48 thoughts on “Islamists bombs Sufi mosque in Egypt

  1. As everyone here knows, the attackers believe they’re doing the right thing and Allah will reward them in the afterlife. They’re taught that from childhood. How can we makes things better when the indoctrination starts so early, and the people doing it sincerely believe they’re doing the right thing?

    It’s overwhelming when something like this attack happens. To us it’s obvious that what they believe is wrong, but they can’t see it and are just as convinced we’re the ones who are wrong and should be killed too.

    1. Yup. That’s why it’s important to crush them, and humiliate them. We cannot win their hearts and minds, but we can help the moderate forces in Islam win those of others.

      1. Its hard to avoid political connections in the region but the ME is a nest of snakes politically. And we should be supporting atheists in the ME where we can and certainly in the west. The era of Arab Nationalism is over and any secularish leaders are still far from democratic. Kyle Orton is a fascinating read on this. But ex Muslims and ME atheists especially so. Like Secular Jihadist program, or Yasmine Mohammed, J.A. Miraj, Hashim Almadani, Aisha Murtad etc.

        Genuinely moderate muslims just don’t know much about their religion or don’t follow it very clearly.

        Sadly though the west has been busily supporting the Muslim Brotherhood as “moderate forces” in Egypt and the ME and their equivalent in Libya when they are actually little better than the Salafists. Successive US govts and western govts generally have pandered to them as well as the Saudis, thinking the former are “Moderate”. But then there aren’t really any moderate people to deal with at the political level – one thing tho we have managed to flood the region with arms and the Saudis now look ever more willing to take military action against the spread of Iranian influence in the region.

        The MB know how to obsfuscate the nature of Islam and/or play western guilt and appear interested in social justice for the people. But the only reason they and the Saudis hate each other is they want a Caliphate, and rulers who have no truck with any secular power which is why they urge rejection of Saudi rulers along with the more secular leaders in other parts of the ME.

        1. There is a civil war in Islam between modernizes and fundamentalists. Our real job is to make sure the back to basics crowd, ISIS being the most well known, don’t score easy victories, especially over us. They gain prestige if they can humble us, and they lose prestige if the reverse happens. We cannot ignore ISIS, so we must pulverize it.

          1. From what I can gather there are so many interested sub sects that play others off with the help of bigger powers like Iran and Russia or the Saudis supporting most extremists other than the Muslim Brotherhood. Even the Kurds, overall the most effective anti ISIS fighters, have picked on the Christians and Yazidis on the Ninevah plain and want large homelands across multiple countries, whilst the Iraqui army has done way more anti ISIS fighting in places like Mosul than they are credited for.

            Definitely I agree we should support those directly attacking ISIS (e.g. arm the kurds) but there are so many bad forces mixed up in the religio-tribal melee and so many groups willing to bring in bigger states its a nightmare. We don’t want to get involved on the ground because all attack us and it winds up further destabilising the area. We should push very hard for alternatives to oil.
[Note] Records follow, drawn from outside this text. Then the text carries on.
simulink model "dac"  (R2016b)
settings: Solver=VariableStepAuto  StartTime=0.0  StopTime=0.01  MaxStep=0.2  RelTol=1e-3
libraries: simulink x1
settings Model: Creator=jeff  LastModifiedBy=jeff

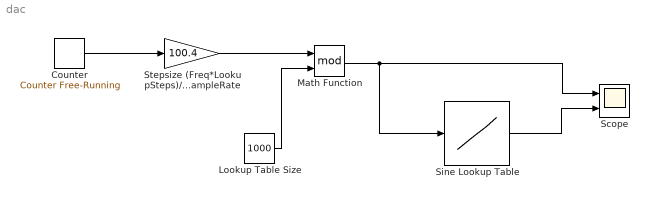
== system dac ==
  Counter : simulink/Sources/Counter Free-Running  NumBits=16  tsamp=0.0001
  Lookup Table Size : Constant  Value=1000  OutDataTypeStr=int32
  Math Function : Math  Operator=mod  SaturateOnIntegerOverflow=on
  Scope : Scope  NumInputPorts=2
  Sine Lookup Table : Lookup_n-D  NumberOfTableDimensions=1  BreakpointsSpecification=Even spacing  BreakpointsForDimension1=[0:7]  BreakpointsForDimension1FirstPoint=0  Table=(2^15) * sin(2*pi*[0:1000]/1000)  InterpMethod=Flat  InternalRulePriority=Speed  OutDataTypeStr=int16  RndMeth=Simplest  InputSameDT=on
  Stepsize (Freq*LookupSteps)/SampleRate : Gain  Gain=100.4  OutDataTypeStr=int32
  wires:
  Sine Lookup Table/1 -> Scope/2
  Counter/1 -> Stepsize (Freq*LookupSteps)/SampleRate/1
  Stepsize (Freq*LookupSteps)/SampleRate/1 -> Math Function/1
  Math Function/1 -> Scope/1, Sine Lookup Table/1
  Lookup Table Size/1 -> Math Function/2
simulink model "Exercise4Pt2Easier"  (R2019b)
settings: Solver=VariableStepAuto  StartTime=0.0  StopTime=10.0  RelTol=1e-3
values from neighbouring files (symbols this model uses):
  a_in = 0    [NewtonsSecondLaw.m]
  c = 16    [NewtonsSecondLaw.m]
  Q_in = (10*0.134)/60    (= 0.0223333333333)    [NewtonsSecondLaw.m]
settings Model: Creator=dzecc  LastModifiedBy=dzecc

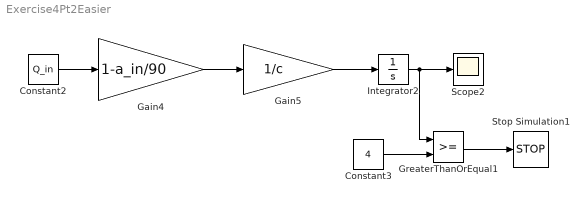
== system Exercise4Pt2Easier ==
  Constant2 : Constant  Value=Q_in  VectorParams1D=off  SampleTime=10
  Constant3 : Constant  Value=4  SampleTime=10
  Gain4 : Gain  Gain=1-a_in/90
  Gain5 : Gain  Gain=1/c
  GreaterThanOrEqual1 : RelationalOperator  OutDataTypeStr=boolean  RndMeth=Simplest
  Integrator2 : Integrator
  Scope2 : Scope
  Stop Simulation1 : Stop
  wires:
  Constant2/1 -> Gain4/1
  Gain4/1 -> Gain5/1
  GreaterThanOrEqual1/1 -> Stop Simulation1/1
  Integrator2/1 -> GreaterThanOrEqual1/1, Scope2/1
  Constant3/1 -> GreaterThanOrEqual1/2
  Gain5/1 -> Integrator2/1
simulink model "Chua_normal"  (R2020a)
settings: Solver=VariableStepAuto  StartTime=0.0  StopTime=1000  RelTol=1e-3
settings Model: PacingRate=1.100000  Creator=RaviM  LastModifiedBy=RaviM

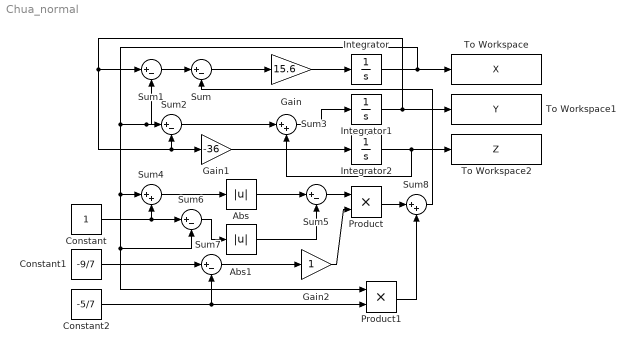
== system Chua_normal ==
  Abs : Abs
  Abs1 : Abs
  Constant : Constant
  Constant1 : Constant  Value=-9/7
  Constant2 : Constant  Value=-5/7
  Gain : Gain  Gain=15.6
  Gain1 : Gain  Gain=-36
  Gain2 : Gain
  Integrator : Integrator  InitialCondition=0.1
  Integrator1 : Integrator  InitialCondition=0.1
  Integrator2 : Integrator  InitialCondition=0.1
  Product : Product
  Product1 : Product
  Sum{,1..2,5..7} (6 alike) : Sum  Inputs=|+-
  Sum3 : Sum  Inputs=|++
  Sum4 : Sum  Inputs=|++
  Sum8 : Sum  Inputs=|++
  To Workspace : ToWorkspace  VariableName=X  SaveFormat=Timeseries  SampleTime=-1
  To Workspace1 : ToWorkspace  VariableName=Y  SaveFormat=Timeseries  SampleTime=-1
  To Workspace2 : ToWorkspace  VariableName=Z  SaveFormat=Timeseries  SampleTime=-1
  wires:
  Constant2/1 -> Product1/2, Sum7/2
  Constant1/1 -> Sum7/1
  Sum7/1 -> Gain2/1
  Gain2/1 -> Product/2
  Product1/1 -> Sum8/2
  Product/1 -> Sum8/1
  Sum6/1 -> Abs1/1
  Sum4/1 -> Abs/1
  Abs/1 -> Sum5/1
  Abs1/1 -> Sum5/2
  Constant/1 -> Sum6/1, Sum4/2
  Sum8/1 -> Sum/2
  Sum1/1 -> Sum/1
  Sum/1 -> Gain/1
  Gain/1 -> Integrator/1
  Sum3/1 -> Integrator1/1
  Sum2/1 -> Sum3/1
  Integrator1/1 -> Gain1/1, Sum2/2, Sum1/1, To Workspace1/1
  Integrator2/1 -> Sum3/2, To Workspace2/1
  Integrator/1 -> Product1/1, Sum6/2, Sum4/1, Sum1/2, Sum2/1, To Workspace/1
  Gain1/1 -> Integrator2/1
  Sum5/1 -> Product/1

            Until we are secure at home against aggressive groups and nations we can’t offer a better life for any oppressed. A minimal level of economic and politico military security and stability and prosperity at home is essential to offer those things or act as an example to others.
            Personally I am a bit gutted we can’t just realise Islam is that much more conservative than other abrahamic religions overall and send a consistent message that Islamic violence (which is mostly amongst Muslims) is far and away mainly a problem with Islam and not the west – that Muslims can’t cry to us about their problems and fight and blame us at the same time. I also think its critical to be blunt about the problems of Islam in the west – particularly outside the US which is relatively unaffected by this and make clear that we are NOT going to put up with being de-liberalised in the longer term due to ever growing and ever more aggressively demanding Islam in Europe. I really don’t believe Sweden will be a liberal country any more in 25+ years at this rate and there is no sign of change in Europe or anywhere else. At its core Islam (Like traditionalist forms of Christianity or for that matter imperialist authoritarian nationalist states like USSR and Nazi Germany) is about competitively increasing the numbers of its people biologically or ideologically (though ultimately the two combine) at the expense of others.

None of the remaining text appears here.